An economic model is a simplified version of reality that allows us to observe,


understand, and make predictions about economic behavior. The purpose of a model is
to take a complex, real-world situation and pare it down to the essentials. If designed
well, a model can give the analyst a better understanding of the situation and any
related problems. A good model is simple enough to be understood while complex
enough to capture key information. Sometimes economists use the term theory instead
of model. Strictly speaking, a theory is a more abstract representation, while a model is
a more applied or empirical representation. Often, models are used to test theories. In
this course, however, we will use the terms interchangeably.

The examples of economic theory as follows:


• Circular flow of income and expenditures
• Multiplier Effect
• Ceteris Paribus Assumption of Demand
• Theory of Consumer Behavior
• Theory of Cost and Profit

REFERENCES:
Introductory Microeconomics (Third Edition) by Pagoso, Dinio and Villasis, 2006
Introduction to Microeconomics by Paraiso, Larano and Cuevas. 2011
https://www.khanacademy.org/search?referer=%2Feconomics -finance-domain
%2Fapmacroeconomics%2Fbasic-economics-concepts-macro%2Fintroduction-to-the-economic-
http://www.economicsconcepts.com/economic_analysis_and_economic_policy.htm
https://www.google.com/search?sxsrf=ALeKk00zn51x -
D0M6Z9KOmI9LKfLnsNzZw%3A1597247168412&ei=wA40X-7kGMfbhwOE0rToBA&q=eco

Lesson 3 - An Overview of the Economy

The students shall understand the relationship of this two in order to give credit on their
functions and how they affect the flow of goods and services in the economy.
The Circular Flow of Economic Activity
Fig.3.1
Households supply labor to firms and are paid wages in return.

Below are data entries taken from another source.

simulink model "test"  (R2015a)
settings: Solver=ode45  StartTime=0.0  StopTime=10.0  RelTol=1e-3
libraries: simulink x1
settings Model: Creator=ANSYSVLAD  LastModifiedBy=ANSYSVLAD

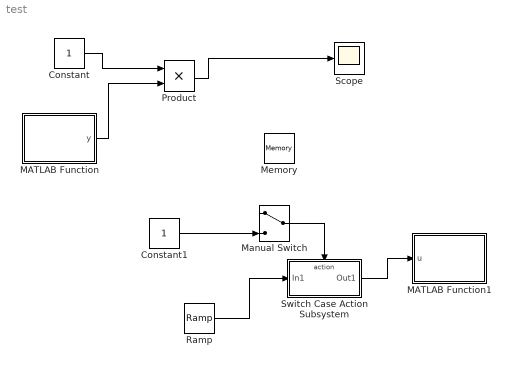
== system test ==
  Constant : Constant
  Constant1 : Constant
  MATLAB Function : MATLAB Function  TreatAsAtomicUnit=on
  MATLAB Function1 : MATLAB Function  TreatAsAtomicUnit=on
  Manual Switch : ManualSwitch
  Memory : Memory
  Product : Product
  Ramp : simulink/Sources/Ramp  slope=1  start=0  X0=0
  Scope : Scope
  Switch Case Action Subsystem : Subsystem  TreatAsAtomicUnit=on
  wires:
  Constant/1 -> Product/1
  Product/1 -> Scope/1
  MATLAB Function/1(y) -> Product/2
  Ramp/1 -> Switch Case Action Subsystem/1(In1)
  Switch Case Action Subsystem/1(Out1) -> MATLAB Function1/1(u)
  Manual Switch/1 -> Switch Case Action Subsystem/Action
  Constant1/1 -> Manual Switch/2

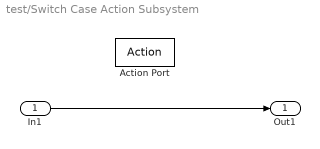
== system test/Switch Case Action Subsystem ==
  In1 : Inport
  Action Port : ActionPort
  Out1 : Outport
  wires:
  In1/1 -> Out1/1

== matlab function test/MATLAB Function1 ==
  data: u input
function fcn2(u)
%#codegen

test = u;

== matlab function test/MATLAB Function ==
  data: y output
function y = fcn()
%#codegen

y = test;

Firms use that labor to
produce pizzas and sell those pizzas to households. There is a flow of goods (pizzas) from
firms to households and a flow of labor services (worker hours) from households to firms.

Basic Economic Problems


Display the slide to allow the students understand that it is not easy to determine the most
efficient and effective way of resource allocation. This means that a decision must be made on
how the resources will be used to produce the goods and services which people in the society
need and want. This clarifies that
1. What to produce? This question would answer the decision regarding the type
of goods and services the society desires. It is also important to know whether the
goods to be produced is for consumption or investment.
2. How to produce? This answers the question on the techniques of production
and the manner of combining resources to come up with the desired output.
3. For whom to produce? This question would help the firm to determine the
gender of consumers to answer the problem of distribution. It is the determination of
how output is to be divided or allocated among members of the society.
Types of Economic System
Set the slide and discuss the economic systems which may be classified as traditional,
command or market systems.
1. Traditional Economic Systems. The decisions are made based on customs and
traditions. The basic problems of what, how and for whom to produce are decided
by customs and traditions.
2. Market economy or Free Enterprise Economy or Capitalism. The basic
problems of what, how and for whom to produce are decided by the market system
or simply the demand and supply condition. The factors of production are managed
and owned by private individuals or corporation.
3. Command System or the Centrally Planned Economy or Socialism/Communism.
The economic system here relies on the government to decide how the country’s
resources would be best allocated.
4. Mixed System or Mixed Economy. This economic system is a combination of
market economy and command economy. Like the Philippines, there is a private
and public ownership of resources.

LEARNING ACTIVITY:
For seatwork, the students may give the characteristics of the four (4) economic systems.

MEASUREMENT:
A ten (10) point quiz on the scheduled date in the work plan.